Work instruction - Write out the opening lines of the data word for word, up to and including the line with "#4=PRODUCT('Part','Part','',(#3));", and leave every picture and every later line out.

────────────────────

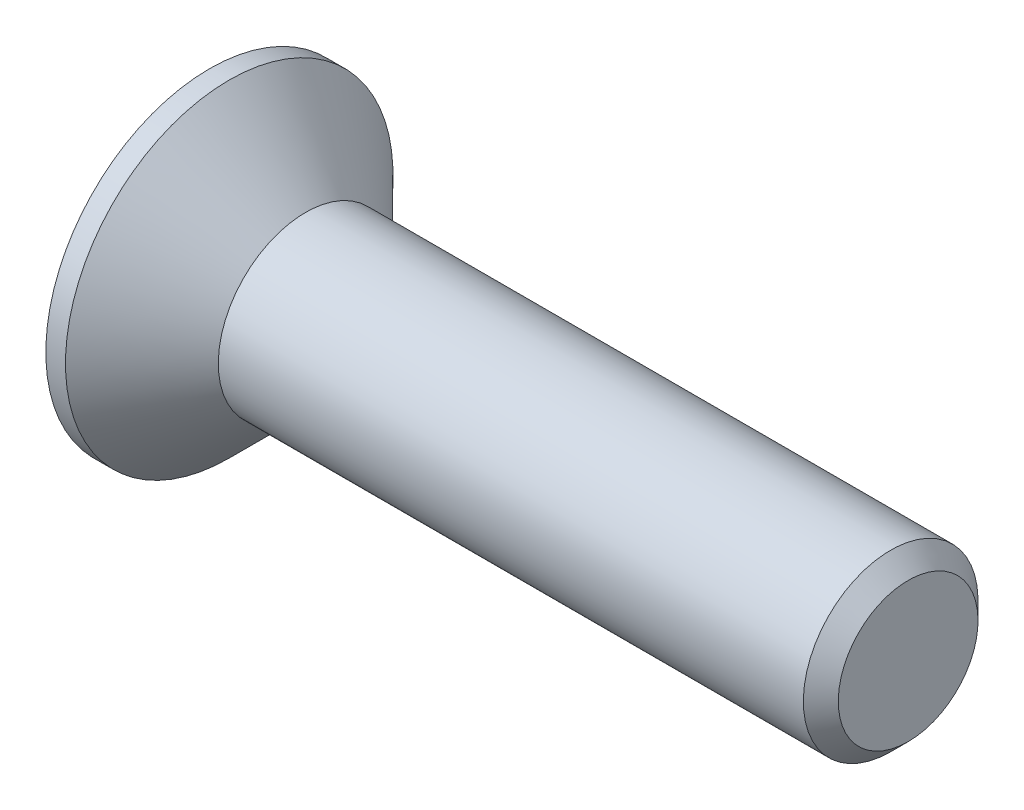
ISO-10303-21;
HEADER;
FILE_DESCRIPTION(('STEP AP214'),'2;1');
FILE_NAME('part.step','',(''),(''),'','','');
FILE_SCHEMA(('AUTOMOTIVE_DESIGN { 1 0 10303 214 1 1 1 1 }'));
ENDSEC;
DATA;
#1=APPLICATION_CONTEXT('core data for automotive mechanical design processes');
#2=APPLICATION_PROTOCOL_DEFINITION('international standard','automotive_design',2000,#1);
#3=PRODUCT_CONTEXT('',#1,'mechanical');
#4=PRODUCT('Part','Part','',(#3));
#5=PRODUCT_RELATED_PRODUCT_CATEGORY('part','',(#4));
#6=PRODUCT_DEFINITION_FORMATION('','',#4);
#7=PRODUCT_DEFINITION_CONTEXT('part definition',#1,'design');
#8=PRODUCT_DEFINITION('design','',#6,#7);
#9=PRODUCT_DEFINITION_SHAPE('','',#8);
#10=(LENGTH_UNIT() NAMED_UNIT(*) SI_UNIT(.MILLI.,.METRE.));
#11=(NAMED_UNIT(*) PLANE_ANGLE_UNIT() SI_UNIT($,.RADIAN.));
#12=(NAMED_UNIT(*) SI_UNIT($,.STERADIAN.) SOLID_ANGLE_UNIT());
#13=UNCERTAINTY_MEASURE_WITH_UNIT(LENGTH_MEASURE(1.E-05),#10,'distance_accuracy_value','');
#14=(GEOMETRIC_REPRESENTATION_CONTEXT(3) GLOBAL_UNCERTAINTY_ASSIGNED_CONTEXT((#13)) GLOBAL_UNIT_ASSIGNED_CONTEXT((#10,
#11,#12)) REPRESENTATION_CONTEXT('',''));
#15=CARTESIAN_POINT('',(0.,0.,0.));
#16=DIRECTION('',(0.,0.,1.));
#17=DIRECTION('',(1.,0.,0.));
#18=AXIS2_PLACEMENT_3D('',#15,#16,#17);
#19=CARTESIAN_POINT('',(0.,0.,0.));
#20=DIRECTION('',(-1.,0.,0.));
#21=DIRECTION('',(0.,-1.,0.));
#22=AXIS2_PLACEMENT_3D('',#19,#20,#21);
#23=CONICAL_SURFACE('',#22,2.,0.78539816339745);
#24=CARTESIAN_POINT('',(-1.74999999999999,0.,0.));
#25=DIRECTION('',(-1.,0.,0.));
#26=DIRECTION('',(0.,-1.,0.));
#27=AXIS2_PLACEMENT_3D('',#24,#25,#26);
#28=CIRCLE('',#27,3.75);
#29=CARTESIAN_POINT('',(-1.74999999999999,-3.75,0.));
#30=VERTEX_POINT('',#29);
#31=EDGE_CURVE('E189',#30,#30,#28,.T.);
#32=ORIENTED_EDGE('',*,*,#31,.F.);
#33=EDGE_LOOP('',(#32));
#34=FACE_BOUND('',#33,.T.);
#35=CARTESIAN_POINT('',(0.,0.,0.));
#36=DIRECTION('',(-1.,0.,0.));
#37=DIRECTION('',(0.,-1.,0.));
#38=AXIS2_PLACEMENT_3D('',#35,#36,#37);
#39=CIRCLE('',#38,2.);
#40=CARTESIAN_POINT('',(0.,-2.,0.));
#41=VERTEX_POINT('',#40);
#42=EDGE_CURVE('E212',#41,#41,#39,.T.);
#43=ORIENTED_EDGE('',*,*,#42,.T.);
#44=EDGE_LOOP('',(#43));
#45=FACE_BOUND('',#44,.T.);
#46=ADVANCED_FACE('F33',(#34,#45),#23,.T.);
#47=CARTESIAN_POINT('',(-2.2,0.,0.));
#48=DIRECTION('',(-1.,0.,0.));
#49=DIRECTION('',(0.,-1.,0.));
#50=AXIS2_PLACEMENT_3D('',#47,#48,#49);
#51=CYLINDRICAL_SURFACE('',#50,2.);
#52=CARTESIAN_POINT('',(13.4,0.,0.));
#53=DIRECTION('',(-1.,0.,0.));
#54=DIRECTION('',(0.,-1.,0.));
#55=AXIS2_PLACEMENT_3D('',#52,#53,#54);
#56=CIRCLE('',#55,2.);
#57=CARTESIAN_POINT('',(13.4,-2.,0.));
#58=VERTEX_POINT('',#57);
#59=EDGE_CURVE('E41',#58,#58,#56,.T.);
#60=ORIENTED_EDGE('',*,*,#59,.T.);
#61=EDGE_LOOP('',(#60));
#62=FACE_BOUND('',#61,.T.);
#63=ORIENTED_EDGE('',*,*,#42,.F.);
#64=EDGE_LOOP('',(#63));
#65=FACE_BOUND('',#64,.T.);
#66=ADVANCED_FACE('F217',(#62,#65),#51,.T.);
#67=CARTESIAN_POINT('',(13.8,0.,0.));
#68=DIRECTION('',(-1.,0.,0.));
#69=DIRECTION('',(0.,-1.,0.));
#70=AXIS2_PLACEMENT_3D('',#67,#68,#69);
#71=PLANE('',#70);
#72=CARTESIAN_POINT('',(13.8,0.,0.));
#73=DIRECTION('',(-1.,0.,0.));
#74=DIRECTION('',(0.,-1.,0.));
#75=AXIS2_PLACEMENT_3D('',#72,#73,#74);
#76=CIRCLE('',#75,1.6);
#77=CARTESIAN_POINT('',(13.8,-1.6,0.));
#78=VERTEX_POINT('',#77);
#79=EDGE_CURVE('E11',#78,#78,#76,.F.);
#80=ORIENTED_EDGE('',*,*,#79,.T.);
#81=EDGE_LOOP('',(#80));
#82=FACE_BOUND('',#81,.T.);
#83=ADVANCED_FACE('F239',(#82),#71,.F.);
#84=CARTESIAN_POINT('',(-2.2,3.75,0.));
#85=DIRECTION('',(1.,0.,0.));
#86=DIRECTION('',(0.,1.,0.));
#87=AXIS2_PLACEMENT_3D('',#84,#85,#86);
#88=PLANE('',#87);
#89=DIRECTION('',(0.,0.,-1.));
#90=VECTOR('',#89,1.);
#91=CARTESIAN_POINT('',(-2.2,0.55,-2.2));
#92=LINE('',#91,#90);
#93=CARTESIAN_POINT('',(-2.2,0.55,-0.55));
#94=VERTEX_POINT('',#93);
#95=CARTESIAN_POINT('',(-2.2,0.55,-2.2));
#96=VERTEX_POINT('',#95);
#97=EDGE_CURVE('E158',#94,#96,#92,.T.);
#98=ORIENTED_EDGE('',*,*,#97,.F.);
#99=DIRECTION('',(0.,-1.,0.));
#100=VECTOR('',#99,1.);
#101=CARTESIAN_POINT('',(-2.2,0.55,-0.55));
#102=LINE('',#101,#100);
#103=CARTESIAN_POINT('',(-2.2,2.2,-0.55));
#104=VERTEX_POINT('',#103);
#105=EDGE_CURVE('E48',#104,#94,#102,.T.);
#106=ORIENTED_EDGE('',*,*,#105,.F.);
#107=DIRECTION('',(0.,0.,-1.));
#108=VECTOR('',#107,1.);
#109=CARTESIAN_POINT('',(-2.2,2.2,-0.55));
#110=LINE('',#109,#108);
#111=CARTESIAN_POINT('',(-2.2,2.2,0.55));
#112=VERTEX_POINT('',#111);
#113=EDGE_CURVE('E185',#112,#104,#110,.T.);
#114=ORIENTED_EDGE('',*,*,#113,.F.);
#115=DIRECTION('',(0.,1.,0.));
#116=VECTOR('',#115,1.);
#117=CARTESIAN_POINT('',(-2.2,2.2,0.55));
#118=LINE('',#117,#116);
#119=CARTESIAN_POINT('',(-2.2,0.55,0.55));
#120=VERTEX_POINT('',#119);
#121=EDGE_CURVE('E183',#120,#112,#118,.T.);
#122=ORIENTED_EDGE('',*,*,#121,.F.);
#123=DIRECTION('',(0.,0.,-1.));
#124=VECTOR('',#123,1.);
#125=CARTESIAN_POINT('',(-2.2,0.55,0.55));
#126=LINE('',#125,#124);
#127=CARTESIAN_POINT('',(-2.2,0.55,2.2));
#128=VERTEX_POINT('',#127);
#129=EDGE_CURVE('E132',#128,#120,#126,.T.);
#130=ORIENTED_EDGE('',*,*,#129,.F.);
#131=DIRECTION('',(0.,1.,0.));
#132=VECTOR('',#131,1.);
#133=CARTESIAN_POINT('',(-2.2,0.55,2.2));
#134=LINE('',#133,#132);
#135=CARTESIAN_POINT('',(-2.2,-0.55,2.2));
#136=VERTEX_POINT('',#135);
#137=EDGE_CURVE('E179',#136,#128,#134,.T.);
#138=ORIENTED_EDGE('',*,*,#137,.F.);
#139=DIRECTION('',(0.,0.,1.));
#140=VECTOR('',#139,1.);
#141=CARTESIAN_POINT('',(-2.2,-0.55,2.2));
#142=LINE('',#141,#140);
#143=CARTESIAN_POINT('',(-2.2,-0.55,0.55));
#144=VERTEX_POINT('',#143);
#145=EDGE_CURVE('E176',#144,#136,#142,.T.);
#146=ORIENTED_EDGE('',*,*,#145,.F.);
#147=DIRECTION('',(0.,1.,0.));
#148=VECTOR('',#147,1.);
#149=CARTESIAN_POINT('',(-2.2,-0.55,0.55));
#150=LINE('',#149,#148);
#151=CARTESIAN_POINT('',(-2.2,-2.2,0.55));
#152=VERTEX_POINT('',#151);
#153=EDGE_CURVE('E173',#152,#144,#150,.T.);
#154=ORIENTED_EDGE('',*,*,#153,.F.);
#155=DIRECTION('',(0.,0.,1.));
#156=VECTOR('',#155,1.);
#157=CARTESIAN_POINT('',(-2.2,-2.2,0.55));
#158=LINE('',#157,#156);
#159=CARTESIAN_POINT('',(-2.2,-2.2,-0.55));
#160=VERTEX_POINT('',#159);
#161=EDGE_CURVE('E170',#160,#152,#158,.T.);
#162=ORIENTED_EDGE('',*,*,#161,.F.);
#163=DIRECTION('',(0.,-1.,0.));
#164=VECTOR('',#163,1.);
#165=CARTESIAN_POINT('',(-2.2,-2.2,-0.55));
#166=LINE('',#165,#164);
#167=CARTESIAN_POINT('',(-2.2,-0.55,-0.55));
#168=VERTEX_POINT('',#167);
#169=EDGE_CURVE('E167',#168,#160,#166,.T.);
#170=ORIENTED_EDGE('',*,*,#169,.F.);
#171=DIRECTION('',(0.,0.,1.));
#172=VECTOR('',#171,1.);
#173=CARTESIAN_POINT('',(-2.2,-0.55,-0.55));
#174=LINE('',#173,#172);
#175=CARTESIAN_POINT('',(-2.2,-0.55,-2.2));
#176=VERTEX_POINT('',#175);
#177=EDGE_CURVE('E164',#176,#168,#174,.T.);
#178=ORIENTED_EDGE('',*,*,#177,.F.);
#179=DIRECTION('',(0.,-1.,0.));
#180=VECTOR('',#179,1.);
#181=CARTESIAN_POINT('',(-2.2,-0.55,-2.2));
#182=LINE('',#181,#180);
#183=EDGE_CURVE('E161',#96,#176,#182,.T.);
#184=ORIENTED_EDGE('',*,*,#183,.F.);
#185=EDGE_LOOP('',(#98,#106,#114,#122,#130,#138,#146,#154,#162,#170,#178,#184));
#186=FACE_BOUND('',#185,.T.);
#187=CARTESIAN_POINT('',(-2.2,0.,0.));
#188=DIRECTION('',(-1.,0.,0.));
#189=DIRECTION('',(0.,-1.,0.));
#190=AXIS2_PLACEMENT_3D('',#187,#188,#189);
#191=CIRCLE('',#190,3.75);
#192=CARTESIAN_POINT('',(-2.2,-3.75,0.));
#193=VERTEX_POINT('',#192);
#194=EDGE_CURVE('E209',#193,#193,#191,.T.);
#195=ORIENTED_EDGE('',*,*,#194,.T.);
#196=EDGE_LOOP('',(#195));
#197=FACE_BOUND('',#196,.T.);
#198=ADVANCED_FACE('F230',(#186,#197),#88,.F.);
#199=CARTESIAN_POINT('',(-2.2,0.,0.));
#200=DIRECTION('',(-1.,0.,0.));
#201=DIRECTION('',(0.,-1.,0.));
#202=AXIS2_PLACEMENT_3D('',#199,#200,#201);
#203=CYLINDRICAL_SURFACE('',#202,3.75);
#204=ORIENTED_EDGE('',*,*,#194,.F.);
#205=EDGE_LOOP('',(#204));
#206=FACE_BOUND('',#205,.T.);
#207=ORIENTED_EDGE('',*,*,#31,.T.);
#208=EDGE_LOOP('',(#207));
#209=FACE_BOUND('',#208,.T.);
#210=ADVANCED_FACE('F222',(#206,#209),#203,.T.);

────────────────────

Task answer -
ISO-10303-21;
HEADER;
FILE_DESCRIPTION(('STEP AP214'),'2;1');
FILE_NAME('part.step','',(''),(''),'','','');
FILE_SCHEMA(('AUTOMOTIVE_DESIGN { 1 0 10303 214 1 1 1 1 }'));
ENDSEC;
DATA;
#1=APPLICATION_CONTEXT('core data for automotive mechanical design processes');
#2=APPLICATION_PROTOCOL_DEFINITION('international standard','automotive_design',2000,#1);
#3=PRODUCT_CONTEXT('',#1,'mechanical');
#4=PRODUCT('Part','Part','',(#3));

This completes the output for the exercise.